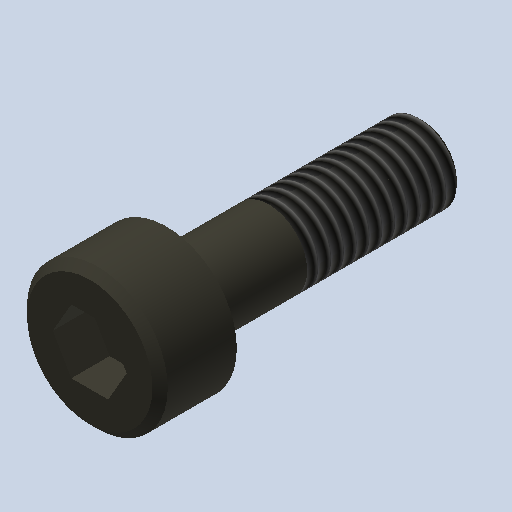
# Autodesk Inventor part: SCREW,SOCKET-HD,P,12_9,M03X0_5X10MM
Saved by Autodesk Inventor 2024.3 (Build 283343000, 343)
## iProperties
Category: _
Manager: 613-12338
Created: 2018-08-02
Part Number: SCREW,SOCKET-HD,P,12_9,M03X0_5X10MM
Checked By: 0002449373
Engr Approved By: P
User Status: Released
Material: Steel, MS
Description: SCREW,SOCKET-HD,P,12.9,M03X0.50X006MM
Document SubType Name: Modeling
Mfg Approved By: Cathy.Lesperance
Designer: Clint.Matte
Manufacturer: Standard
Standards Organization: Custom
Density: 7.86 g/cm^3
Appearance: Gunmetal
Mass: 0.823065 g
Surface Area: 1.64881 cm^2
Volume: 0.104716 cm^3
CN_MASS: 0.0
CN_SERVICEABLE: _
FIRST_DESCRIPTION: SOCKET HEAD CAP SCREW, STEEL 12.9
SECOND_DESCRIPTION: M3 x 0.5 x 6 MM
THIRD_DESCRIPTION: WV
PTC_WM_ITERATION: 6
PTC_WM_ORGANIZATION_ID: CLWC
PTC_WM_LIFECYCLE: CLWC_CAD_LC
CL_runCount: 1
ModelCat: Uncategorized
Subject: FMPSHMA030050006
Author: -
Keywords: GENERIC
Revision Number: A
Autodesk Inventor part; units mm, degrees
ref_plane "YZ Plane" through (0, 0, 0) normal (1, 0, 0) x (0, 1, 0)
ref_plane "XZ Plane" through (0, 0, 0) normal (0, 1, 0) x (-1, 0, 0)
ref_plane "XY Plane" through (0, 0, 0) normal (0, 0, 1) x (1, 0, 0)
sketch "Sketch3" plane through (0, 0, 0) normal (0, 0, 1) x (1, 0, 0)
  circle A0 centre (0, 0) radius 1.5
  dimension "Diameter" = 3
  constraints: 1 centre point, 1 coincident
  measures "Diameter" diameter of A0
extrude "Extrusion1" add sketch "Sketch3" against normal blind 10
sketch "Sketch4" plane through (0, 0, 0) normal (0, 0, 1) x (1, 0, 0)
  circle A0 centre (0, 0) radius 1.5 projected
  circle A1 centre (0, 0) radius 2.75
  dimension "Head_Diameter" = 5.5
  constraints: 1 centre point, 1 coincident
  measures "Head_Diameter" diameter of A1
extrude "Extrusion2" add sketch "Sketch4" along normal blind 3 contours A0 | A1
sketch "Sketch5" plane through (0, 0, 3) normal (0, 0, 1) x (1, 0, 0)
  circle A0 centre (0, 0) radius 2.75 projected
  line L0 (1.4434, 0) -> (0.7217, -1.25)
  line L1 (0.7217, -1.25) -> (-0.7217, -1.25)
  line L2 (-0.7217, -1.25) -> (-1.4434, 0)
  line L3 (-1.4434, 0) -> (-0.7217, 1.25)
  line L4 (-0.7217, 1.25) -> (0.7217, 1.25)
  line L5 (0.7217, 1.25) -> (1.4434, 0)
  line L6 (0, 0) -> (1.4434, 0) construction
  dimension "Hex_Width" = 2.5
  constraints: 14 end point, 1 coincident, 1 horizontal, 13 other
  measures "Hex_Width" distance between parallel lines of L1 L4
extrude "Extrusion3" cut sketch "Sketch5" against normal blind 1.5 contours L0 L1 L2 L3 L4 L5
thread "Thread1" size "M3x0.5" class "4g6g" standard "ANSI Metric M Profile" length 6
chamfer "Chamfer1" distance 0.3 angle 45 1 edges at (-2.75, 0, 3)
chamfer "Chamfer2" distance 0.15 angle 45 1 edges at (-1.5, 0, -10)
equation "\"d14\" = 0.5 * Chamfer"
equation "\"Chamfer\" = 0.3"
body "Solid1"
=====
Give back, unchanged, the run of lines in the listing above that begins at the line containing "Mfg Approved By: Cathy.Lesperance" and ends at the line containing "diameter of A1", both included.

Mfg Approved By: Cathy.Lesperance
Designer: Clint.Matte
Manufacturer: Standard
Standards Organization: Custom
Density: 7.86 g/cm^3
Appearance: Gunmetal
Mass: 0.823065 g
Surface Area: 1.64881 cm^2
Volume: 0.104716 cm^3
CN_MASS: 0.0
CN_SERVICEABLE: _
FIRST_DESCRIPTION: SOCKET HEAD CAP SCREW, STEEL 12.9
SECOND_DESCRIPTION: M3 x 0.5 x 6 MM
THIRD_DESCRIPTION: WV
PTC_WM_ITERATION: 6
PTC_WM_ORGANIZATION_ID: CLWC
PTC_WM_LIFECYCLE: CLWC_CAD_LC
CL_runCount: 1
ModelCat: Uncategorized
Subject: FMPSHMA030050006
Author: -
Keywords: GENERIC
Revision Number: A
Autodesk Inventor part; units mm, degrees
ref_plane "YZ Plane" through (0, 0, 0) normal (1, 0, 0) x (0, 1, 0)
ref_plane "XZ Plane" through (0, 0, 0) normal (0, 1, 0) x (-1, 0, 0)
ref_plane "XY Plane" through (0, 0, 0) normal (0, 0, 1) x (1, 0, 0)
sketch "Sketch3" plane through (0, 0, 0) normal (0, 0, 1) x (1, 0, 0)
  circle A0 centre (0, 0) radius 1.5
  dimension "Diameter" = 3
  constraints: 1 centre point, 1 coincident
  measures "Diameter" diameter of A0
extrude "Extrusion1" add sketch "Sketch3" against normal blind 10
sketch "Sketch4" plane through (0, 0, 0) normal (0, 0, 1) x (1, 0, 0)
  circle A0 centre (0, 0) radius 1.5 projected
  circle A1 centre (0, 0) radius 2.75
  dimension "Head_Diameter" = 5.5
  constraints: 1 centre point, 1 coincident
  measures "Head_Diameter" diameter of A1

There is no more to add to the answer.